Building on these considerations (which we outline extensively in our policy paper), we suggest that interventions in this area can be usefully incorporated in the forthcoming EU Gender Equality Strategy in at least four ways.

  1. The new Gender Equality Strategy should integrate inter-State data and information sharing, legal and technical skill exchange, and EU-level training of national legal personnel on digital violence. In order to do this, legislative intervention that falls outside the legislative remit of the EU may be needed to address legal loopholes (in many European states this is the case, for example, with image-based abuse). However, several existing provisions at national, international and EU-levels can be effectively used to respond to digital attacks. In other words, it is crucial that legal personnel and other stakeholders across the continent are trained to recognise the gendered nature of digital abuse, and to apply existing legislation accordingly.
  1. EU institutions can effectively build on existing EU-level legislation (for example, the Equal Treatment Directive, the Code of Best Practices for Women in ICT, GDPR) to push tech companies to adopt more effective reporting mechanisms, as well as take down and moderation procedures. There is also a need for more transparent data policies and internal gender equality commitments. This last point is particularly important, as gender inequalities in tech companies can translate into a dismissive attitude towards digital harm. Online abuse concerns should thus be incorporated not only in the section of the Gender Equality Strategy that addresses violence against women, but also in those that consider how to advance women’s rights in the context of digital innovation.

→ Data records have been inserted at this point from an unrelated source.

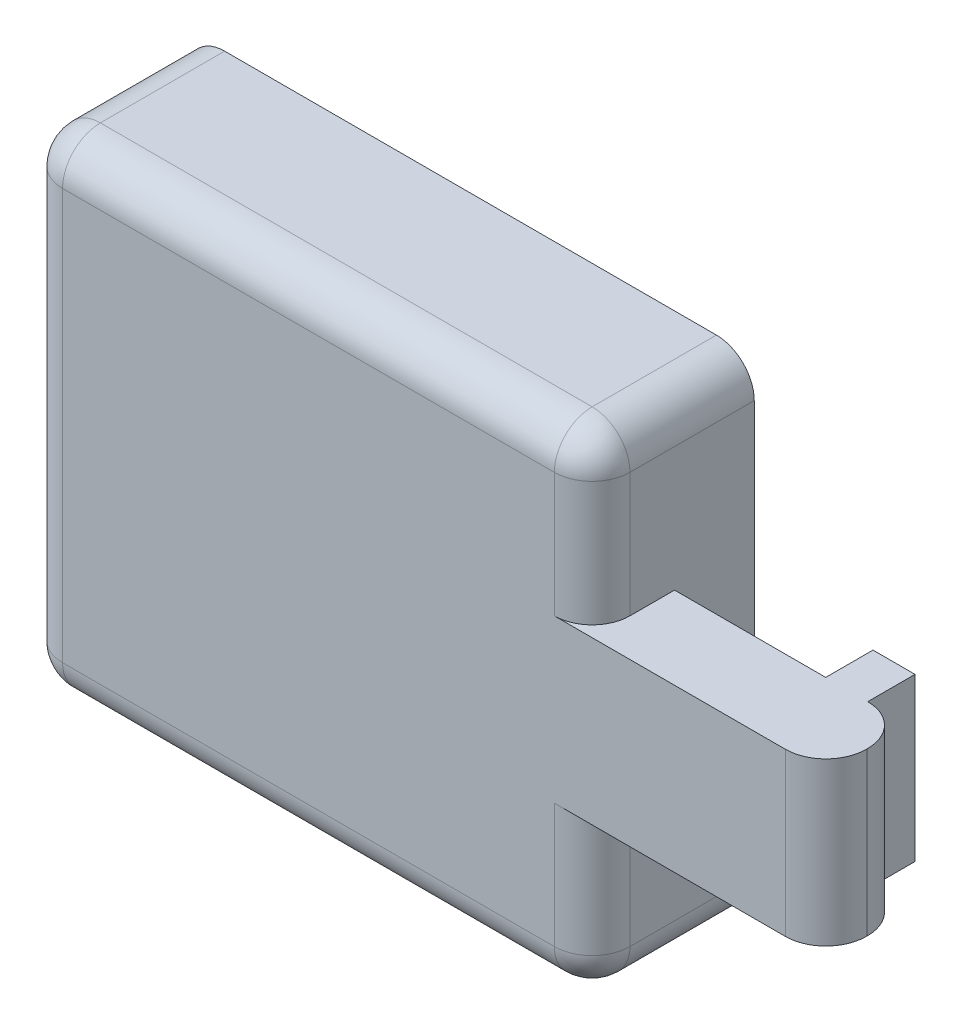
ISO-10303-21;
HEADER;
FILE_DESCRIPTION(('STEP AP214'),'2;1');
FILE_NAME('part.step','',(''),(''),'','','');
FILE_SCHEMA(('AUTOMOTIVE_DESIGN { 1 0 10303 214 1 1 1 1 }'));
ENDSEC;
DATA;
#1=APPLICATION_CONTEXT('core data for automotive mechanical design processes');
#2=APPLICATION_PROTOCOL_DEFINITION('international standard','automotive_design',2000,#1);
#3=PRODUCT_CONTEXT('',#1,'mechanical');
#4=PRODUCT('Part','Part','',(#3));
#5=PRODUCT_RELATED_PRODUCT_CATEGORY('part','',(#4));
#6=PRODUCT_DEFINITION_FORMATION('','',#4);
#7=PRODUCT_DEFINITION_CONTEXT('part definition',#1,'design');
#8=PRODUCT_DEFINITION('design','',#6,#7);
#9=PRODUCT_DEFINITION_SHAPE('','',#8);
#10=(LENGTH_UNIT() NAMED_UNIT(*) SI_UNIT(.MILLI.,.METRE.));
#11=(NAMED_UNIT(*) PLANE_ANGLE_UNIT() SI_UNIT($,.RADIAN.));
#12=(NAMED_UNIT(*) SI_UNIT($,.STERADIAN.) SOLID_ANGLE_UNIT());
#13=UNCERTAINTY_MEASURE_WITH_UNIT(LENGTH_MEASURE(1.E-05),#10,'distance_accuracy_value','');
#14=(GEOMETRIC_REPRESENTATION_CONTEXT(3) GLOBAL_UNCERTAINTY_ASSIGNED_CONTEXT((#13)) GLOBAL_UNIT_ASSIGNED_CONTEXT((#10,
#11,#12)) REPRESENTATION_CONTEXT('',''));
#15=CARTESIAN_POINT('',(0.,0.,0.));
#16=DIRECTION('',(0.,0.,1.));
#17=DIRECTION('',(1.,0.,0.));
#18=AXIS2_PLACEMENT_3D('',#15,#16,#17);
#19=CARTESIAN_POINT('',(-47.0356427146939,22.6345392216122,0.59));
#20=DIRECTION('',(0.,0.,1.));
#21=DIRECTION('',(0.,-1.,0.));
#22=AXIS2_PLACEMENT_3D('',#19,#20,#21);
#23=PLANE('',#22);
#24=DIRECTION('',(0.,1.,0.));
#25=VECTOR('',#24,1.);
#26=CARTESIAN_POINT('',(-47.646704212795,22.6345392216122,0.59));
#27=LINE('',#26,#25);
#28=CARTESIAN_POINT('',(-47.646704212795,21.4345392216122,0.59));
#29=VERTEX_POINT('',#28);
#30=CARTESIAN_POINT('',(-47.646704212795,22.6345392216122,0.59));
#31=VERTEX_POINT('',#30);
#32=EDGE_CURVE('E56',#29,#31,#27,.T.);
#33=ORIENTED_EDGE('',*,*,#32,.F.);
#34=DIRECTION('',(-1.,0.,0.));
#35=VECTOR('',#34,1.);
#36=CARTESIAN_POINT('',(-47.0356427146939,21.4345392216122,0.59));
#37=LINE('',#36,#35);
#38=CARTESIAN_POINT('',(-48.7656427146939,21.4345392216122,0.59));
#39=VERTEX_POINT('',#38);
#40=EDGE_CURVE('E211',#29,#39,#37,.T.);
#41=ORIENTED_EDGE('',*,*,#40,.T.);
#42=DIRECTION('',(0.,1.,0.));
#43=VECTOR('',#42,1.);
#44=CARTESIAN_POINT('',(-48.7656427146939,22.6345392216122,0.59));
#45=LINE('',#44,#43);
#46=CARTESIAN_POINT('',(-48.7656427146939,22.6345392216122,0.59));
#47=VERTEX_POINT('',#46);
#48=EDGE_CURVE('E212',#39,#47,#45,.T.);
#49=ORIENTED_EDGE('',*,*,#48,.T.);
#50=DIRECTION('',(-1.,0.,0.));
#51=VECTOR('',#50,1.);
#52=CARTESIAN_POINT('',(-47.0356427146939,22.6345392216122,0.59));
#53=LINE('',#52,#51);
#54=EDGE_CURVE('E52',#31,#47,#53,.T.);
#55=ORIENTED_EDGE('',*,*,#54,.F.);
#56=EDGE_LOOP('',(#33,#41,#49,#55));
#57=FACE_BOUND('',#56,.T.);
#58=ADVANCED_FACE('F37',(#57),#23,.F.);
#59=CARTESIAN_POINT('',(-48.7656427146939,23.8345392216122,1.2));
#60=DIRECTION('',(-1.,0.,0.));
#61=DIRECTION('',(0.,0.,1.));
#62=AXIS2_PLACEMENT_3D('',#59,#60,#61);
#63=PLANE('',#62);
#64=DIRECTION('',(0.,1.,0.));
#65=VECTOR('',#64,1.);
#66=CARTESIAN_POINT('',(-48.7656427146939,23.8345392216122,0.));
#67=LINE('',#66,#65);
#68=CARTESIAN_POINT('',(-48.7656427146939,20.5145392216122,0.));
#69=VERTEX_POINT('',#68);
#70=CARTESIAN_POINT('',(-48.7656427146939,23.5545392216122,0.));
#71=VERTEX_POINT('',#70);
#72=EDGE_CURVE('E232',#69,#71,#67,.T.);
#73=ORIENTED_EDGE('',*,*,#72,.T.);
#74=DIRECTION('',(0.,0.,-1.));
#75=VECTOR('',#74,1.);
#76=CARTESIAN_POINT('',(-48.7656427146939,23.5545392216122,1.2));
#77=LINE('',#76,#75);
#78=CARTESIAN_POINT('',(-48.7656427146939,23.5545392216122,0.92));
#79=VERTEX_POINT('',#78);
#80=EDGE_CURVE('E271',#71,#79,#77,.F.);
#81=ORIENTED_EDGE('',*,*,#80,.T.);
#82=DIRECTION('',(0.,1.,0.));
#83=VECTOR('',#82,1.);
#84=CARTESIAN_POINT('',(-48.7656427146939,22.6345392216122,0.92));
#85=LINE('',#84,#83);
#86=CARTESIAN_POINT('',(-48.7656427146939,22.6345392216122,0.92));
#87=VERTEX_POINT('',#86);
#88=EDGE_CURVE('E269',#79,#87,#85,.F.);
#89=ORIENTED_EDGE('',*,*,#88,.T.);
#90=DIRECTION('',(0.,0.,1.));
#91=VECTOR('',#90,1.);
#92=CARTESIAN_POINT('',(-48.7656427146939,22.6345392216122,0.59));
#93=LINE('',#92,#91);
#94=EDGE_CURVE('E214',#47,#87,#93,.T.);
#95=ORIENTED_EDGE('',*,*,#94,.F.);
#96=ORIENTED_EDGE('',*,*,#48,.F.);
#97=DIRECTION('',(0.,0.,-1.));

  2. The new Strategy should explicitly cite digital violence survivors (and the groups that work with them) as beneficiaries of specific forms of support. Not only do women’s rights organisations tend to be painfully underfunded, but tackling online harm also adds another layer of difficulty. Domestic and sexual violence charities (together with employers) need specialised training and resources to best withstand digital attacks. In particular, there is evidence that female politicians, journalists and human rights advocates are amongst the principal targets of online assaults. Whilst this leads some to quit their job, it also dissuades younger women from engaging in public life. Awareness raising, training and capacity building initiatives are thus urgently needed for organisations that employ, or work with, professionals in public facing roles. Crucially, this should be a part of EU-sponsored measures to address gender-based violence, as well as of those sections of the new Strategy dealing with gender equality at work and in decision-making.
  1. Educational interventions, and especially comprehensive sexuality education designed to eradicate the stereotypes and social norms that inform violence are the single most effective, long-term strategy to challenge online violence – and indeed any type of abuse. Coordination of best practices and capacity building in this area are key.

Whilst the 2020-2024 EU Gender Strategy could mark a significant stride towards the eventual eradication of gender-based violence, this intervention must incorporate multi-level solutions targeting digital attacks and online abuse. An awareness of the pernicious nature of digital violence- and its tangible real-world impacts- will help to inform a truly transformational strategy for the new decade.